* _DATA_:
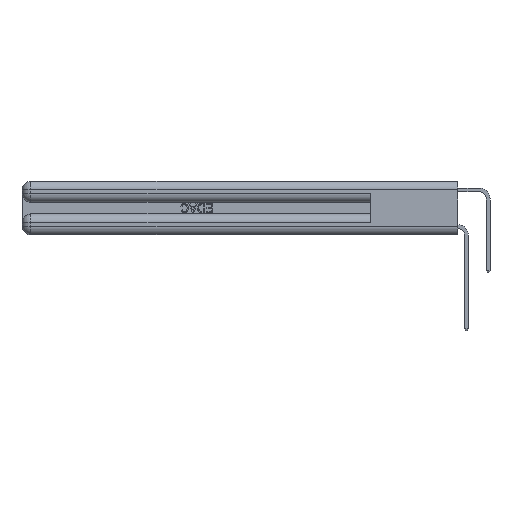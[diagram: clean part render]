
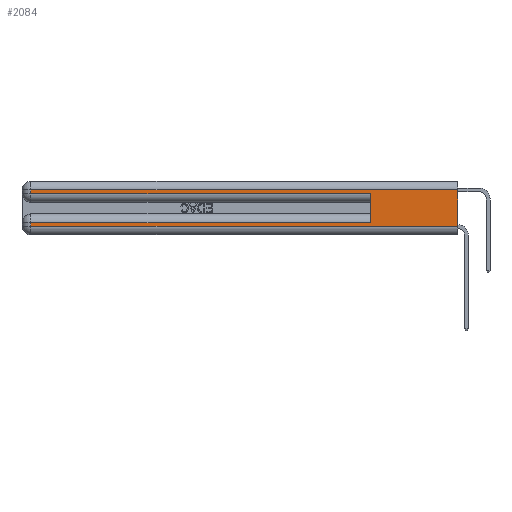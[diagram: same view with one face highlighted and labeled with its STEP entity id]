
A CAD part, left-side view. The second image highlights one B-rep face of the part: STEP entity #2084.
In plain terms, the highlighted planar face has unit normal (-1, 0, 0).
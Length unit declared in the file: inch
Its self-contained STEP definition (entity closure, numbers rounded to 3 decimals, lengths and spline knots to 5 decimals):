
#215 = EDGE_CURVE ( 'NONE', #28578, #24585, #27084, .T. ) ;
#653 = ORIENTED_EDGE ( 'NONE', *, *, #3390, .T. ) ;
#1565 = CARTESIAN_POINT ( 'NONE',  ( 0., 0., 0.37 ) ) ;
#1714 = PLANE ( 'NONE',  #10964 ) ;
#2084 = ADVANCED_FACE ( 'NONE', ( #15898 ), #1714, .F. ) ;
#2238 = ORIENTED_EDGE ( 'NONE', *, *, #13883, .F. ) ;
#2452 = VERTEX_POINT ( 'NONE', #20035 ) ;
#3200 = LINE ( 'NONE', #5646, #7758 ) ;
#3390 = EDGE_CURVE ( 'NONE', #17506, #29307, #4239, .T. ) ;
#4160 = EDGE_CURVE ( 'NONE', #27924, #10088, #13564, .T. ) ;
#4239 = LINE ( 'NONE', #27752, #13415 ) ;
#4437 = ORIENTED_EDGE ( 'NONE', *, *, #215, .T. ) ;
#4461 = EDGE_CURVE ( 'NONE', #9422, #28578, #3200, .T. ) ;
#4599 = VECTOR ( 'NONE', #9835, 39.37008 ) ;
#4898 = CARTESIAN_POINT ( 'NONE',  ( 0., 0.6, 0.085 ) ) ;
#5351 = VECTOR ( 'NONE', #24106, 39.37008 ) ;
#5646 = CARTESIAN_POINT ( 'NONE',  ( 0., 2.94, 0.37 ) ) ;
#6602 = DIRECTION ( 'NONE',  ( 1., 0., 0. ) ) ;
#7401 = DIRECTION ( 'NONE',  ( 0., -1., 0. ) ) ;
#7436 = VECTOR ( 'NONE', #8779, 39.37008 ) ;
#7758 = VECTOR ( 'NONE', #14924, 39.37008 ) ;
#8779 = DIRECTION ( 'NONE',  ( 0., 1., 0. ) ) ;
#9422 = VERTEX_POINT ( 'NONE', #18203 ) ;
#9679 = EDGE_LOOP ( 'NONE', ( #2238, #23386, #653, #17166, #17063, #13643, #27195, #4437 ) ) ;
#9702 = VECTOR ( 'NONE', #29644, 39.37008 ) ;
#9704 = LINE ( 'NONE', #28327, #26251 ) ;
#9798 = CARTESIAN_POINT ( 'NONE',  ( 0., 0.6, 0.285 ) ) ;
#9835 = DIRECTION ( 'NONE',  ( 0., 0., -1. ) ) ;
#10088 = VERTEX_POINT ( 'NONE', #9798 ) ;
#10964 = AXIS2_PLACEMENT_3D ( 'NONE', #1565, #6602, #29819 ) ;
#11434 = CARTESIAN_POINT ( 'NONE',  ( 0., 2.94, 0.31 ) ) ;
#11940 = CARTESIAN_POINT ( 'NONE',  ( 0., 0., 0.06 ) ) ;
#13316 = CARTESIAN_POINT ( 'NONE',  ( 0., 0., 0.085 ) ) ;
#13415 = VECTOR ( 'NONE', #16283, 39.37008 ) ;
#13564 = LINE ( 'NONE', #29494, #9702 ) ;
#13643 = ORIENTED_EDGE ( 'NONE', *, *, #16521, .T. ) ;
#13883 = EDGE_CURVE ( 'NONE', #2452, #24585, #24136, .T. ) ;
#14682 = CARTESIAN_POINT ( 'NONE',  ( 0., 0., 0.37 ) ) ;
#14924 = DIRECTION ( 'NONE',  ( 0., 0., -1. ) ) ;
#15331 = CARTESIAN_POINT ( 'NONE',  ( 0., 2.94, 0.06 ) ) ;
#15898 = FACE_OUTER_BOUND ( 'NONE', #9679, .T. ) ;
#16283 = DIRECTION ( 'NONE',  ( 0., 0., -1. ) ) ;
#16521 = EDGE_CURVE ( 'NONE', #27924, #9422, #29998, .T. ) ;
#17063 = ORIENTED_EDGE ( 'NONE', *, *, #4160, .F. ) ;
#17166 = ORIENTED_EDGE ( 'NONE', *, *, #21917, .T. ) ;
#17506 = VERTEX_POINT ( 'NONE', #11434 ) ;
#18203 = CARTESIAN_POINT ( 'NONE',  ( 0., 2.94, 0.085 ) ) ;
#18340 = VECTOR ( 'NONE', #20519, 39.37008 ) ;
#19529 = CARTESIAN_POINT ( 'NONE',  ( 0., 2.94, 0.285 ) ) ;
#20035 = CARTESIAN_POINT ( 'NONE',  ( 0., 0., 0.31 ) ) ;
#20519 = DIRECTION ( 'NONE',  ( 0., -1., 0. ) ) ;
#21917 = EDGE_CURVE ( 'NONE', #29307, #10088, #9704, .T. ) ;
#22836 = EDGE_CURVE ( 'NONE', #2452, #17506, #28426, .T. ) ;
#23386 = ORIENTED_EDGE ( 'NONE', *, *, #22836, .T. ) ;
#24106 = DIRECTION ( 'NONE',  ( 0., 1., 0. ) ) ;
#24136 = LINE ( 'NONE', #14682, #4599 ) ;
#24585 = VERTEX_POINT ( 'NONE', #11940 ) ;
#24922 = CARTESIAN_POINT ( 'NONE',  ( 0., 0., 0.06 ) ) ;
#26251 = VECTOR ( 'NONE', #7401, 39.37008 ) ;
#26270 = CARTESIAN_POINT ( 'NONE',  ( 0., 0., 0.31 ) ) ;
#27084 = LINE ( 'NONE', #24922, #18340 ) ;
#27195 = ORIENTED_EDGE ( 'NONE', *, *, #4461, .T. ) ;
#27752 = CARTESIAN_POINT ( 'NONE',  ( 0., 2.94, 0.37 ) ) ;
#27924 = VERTEX_POINT ( 'NONE', #4898 ) ;
#28327 = CARTESIAN_POINT ( 'NONE',  ( 0., 0., 0.285 ) ) ;
#28426 = LINE ( 'NONE', #26270, #5351 ) ;
#28578 = VERTEX_POINT ( 'NONE', #15331 ) ;
#29307 = VERTEX_POINT ( 'NONE', #19529 ) ;
#29494 = CARTESIAN_POINT ( 'NONE',  ( 0., 0.6, 0.145 ) ) ;
#29644 = DIRECTION ( 'NONE',  ( 0., 0., 1. ) ) ;
#29819 = DIRECTION ( 'NONE',  ( 0., 0., -1. ) ) ;
#29998 = LINE ( 'NONE', #13316, #7436 ) ;

* _TASK STATEMENT_:
Please transcribe every entry above exactly, leaving out any pictures.

* _OUTPUT_:
[diagram: clean part render]
[diagram: same view with one face highlighted and labeled with its STEP entity id]
A CAD part, left-side view. The second image highlights one B-rep face of the part: STEP entity #2084.
In plain terms, the highlighted planar face has unit normal (-1, 0, 0).
Length unit declared in the file: inch
Its self-contained STEP definition (entity closure, numbers rounded to 3 decimals, lengths and spline knots to 5 decimals):
#215 = EDGE_CURVE ( 'NONE', #28578, #24585, #27084, .T. ) ;
#653 = ORIENTED_EDGE ( 'NONE', *, *, #3390, .T. ) ;
#1565 = CARTESIAN_POINT ( 'NONE',  ( 0., 0., 0.37 ) ) ;
#1714 = PLANE ( 'NONE',  #10964 ) ;
#2084 = ADVANCED_FACE ( 'NONE', ( #15898 ), #1714, .F. ) ;
#2238 = ORIENTED_EDGE ( 'NONE', *, *, #13883, .F. ) ;
#2452 = VERTEX_POINT ( 'NONE', #20035 ) ;
#3200 = LINE ( 'NONE', #5646, #7758 ) ;
#3390 = EDGE_CURVE ( 'NONE', #17506, #29307, #4239, .T. ) ;
#4160 = EDGE_CURVE ( 'NONE', #27924, #10088, #13564, .T. ) ;
#4239 = LINE ( 'NONE', #27752, #13415 ) ;
#4437 = ORIENTED_EDGE ( 'NONE', *, *, #215, .T. ) ;
#4461 = EDGE_CURVE ( 'NONE', #9422, #28578, #3200, .T. ) ;
#4599 = VECTOR ( 'NONE', #9835, 39.37008 ) ;
#4898 = CARTESIAN_POINT ( 'NONE',  ( 0., 0.6, 0.085 ) ) ;
#5351 = VECTOR ( 'NONE', #24106, 39.37008 ) ;
#5646 = CARTESIAN_POINT ( 'NONE',  ( 0., 2.94, 0.37 ) ) ;
#6602 = DIRECTION ( 'NONE',  ( 1., 0., 0. ) ) ;
#7401 = DIRECTION ( 'NONE',  ( 0., -1., 0. ) ) ;
#7436 = VECTOR ( 'NONE', #8779, 39.37008 ) ;
#7758 = VECTOR ( 'NONE', #14924, 39.37008 ) ;
#8779 = DIRECTION ( 'NONE',  ( 0., 1., 0. ) ) ;
#9422 = VERTEX_POINT ( 'NONE', #18203 ) ;
#9679 = EDGE_LOOP ( 'NONE', ( #2238, #23386, #653, #17166, #17063, #13643, #27195, #4437 ) ) ;
#9702 = VECTOR ( 'NONE', #29644, 39.37008 ) ;
#9704 = LINE ( 'NONE', #28327, #26251 ) ;
#9798 = CARTESIAN_POINT ( 'NONE',  ( 0., 0.6, 0.285 ) ) ;
#9835 = DIRECTION ( 'NONE',  ( 0., 0., -1. ) ) ;
#10088 = VERTEX_POINT ( 'NONE', #9798 ) ;
#10964 = AXIS2_PLACEMENT_3D ( 'NONE', #1565, #6602, #29819 ) ;
#11434 = CARTESIAN_POINT ( 'NONE',  ( 0., 2.94, 0.31 ) ) ;
#11940 = CARTESIAN_POINT ( 'NONE',  ( 0., 0., 0.06 ) ) ;
#13316 = CARTESIAN_POINT ( 'NONE',  ( 0., 0., 0.085 ) ) ;
#13415 = VECTOR ( 'NONE', #16283, 39.37008 ) ;
#13564 = LINE ( 'NONE', #29494, #9702 ) ;
#13643 = ORIENTED_EDGE ( 'NONE', *, *, #16521, .T. ) ;
#13883 = EDGE_CURVE ( 'NONE', #2452, #24585, #24136, .T. ) ;
#14682 = CARTESIAN_POINT ( 'NONE',  ( 0., 0., 0.37 ) ) ;
#14924 = DIRECTION ( 'NONE',  ( 0., 0., -1. ) ) ;
#15331 = CARTESIAN_POINT ( 'NONE',  ( 0., 2.94, 0.06 ) ) ;
#15898 = FACE_OUTER_BOUND ( 'NONE', #9679, .T. ) ;
#16283 = DIRECTION ( 'NONE',  ( 0., 0., -1. ) ) ;
#16521 = EDGE_CURVE ( 'NONE', #27924, #9422, #29998, .T. ) ;
#17063 = ORIENTED_EDGE ( 'NONE', *, *, #4160, .F. ) ;
#17166 = ORIENTED_EDGE ( 'NONE', *, *, #21917, .T. ) ;
#17506 = VERTEX_POINT ( 'NONE', #11434 ) ;
#18203 = CARTESIAN_POINT ( 'NONE',  ( 0., 2.94, 0.085 ) ) ;
#18340 = VECTOR ( 'NONE', #20519, 39.37008 ) ;
#19529 = CARTESIAN_POINT ( 'NONE',  ( 0., 2.94, 0.285 ) ) ;
#20035 = CARTESIAN_POINT ( 'NONE',  ( 0., 0., 0.31 ) ) ;
#20519 = DIRECTION ( 'NONE',  ( 0., -1., 0. ) ) ;
#21917 = EDGE_CURVE ( 'NONE', #29307, #10088, #9704, .T. ) ;
#22836 = EDGE_CURVE ( 'NONE', #2452, #17506, #28426, .T. ) ;
#23386 = ORIENTED_EDGE ( 'NONE', *, *, #22836, .T. ) ;
#24106 = DIRECTION ( 'NONE',  ( 0., 1., 0. ) ) ;
#24136 = LINE ( 'NONE', #14682, #4599 ) ;
#24585 = VERTEX_POINT ( 'NONE', #11940 ) ;
#24922 = CARTESIAN_POINT ( 'NONE',  ( 0., 0., 0.06 ) ) ;
#26251 = VECTOR ( 'NONE', #7401, 39.37008 ) ;
#26270 = CARTESIAN_POINT ( 'NONE',  ( 0., 0., 0.31 ) ) ;
#27084 = LINE ( 'NONE', #24922, #18340 ) ;
#27195 = ORIENTED_EDGE ( 'NONE', *, *, #4461, .T. ) ;
#27752 = CARTESIAN_POINT ( 'NONE',  ( 0., 2.94, 0.37 ) ) ;
#27924 = VERTEX_POINT ( 'NONE', #4898 ) ;
#28327 = CARTESIAN_POINT ( 'NONE',  ( 0., 0., 0.285 ) ) ;
#28426 = LINE ( 'NONE', #26270, #5351 ) ;
#28578 = VERTEX_POINT ( 'NONE', #15331 ) ;
#29307 = VERTEX_POINT ( 'NONE', #19529 ) ;
#29494 = CARTESIAN_POINT ( 'NONE',  ( 0., 0.6, 0.145 ) ) ;
#29644 = DIRECTION ( 'NONE',  ( 0., 0., 1. ) ) ;
#29819 = DIRECTION ( 'NONE',  ( 0., 0., -1. ) ) ;
#29998 = LINE ( 'NONE', #13316, #7436 ) ;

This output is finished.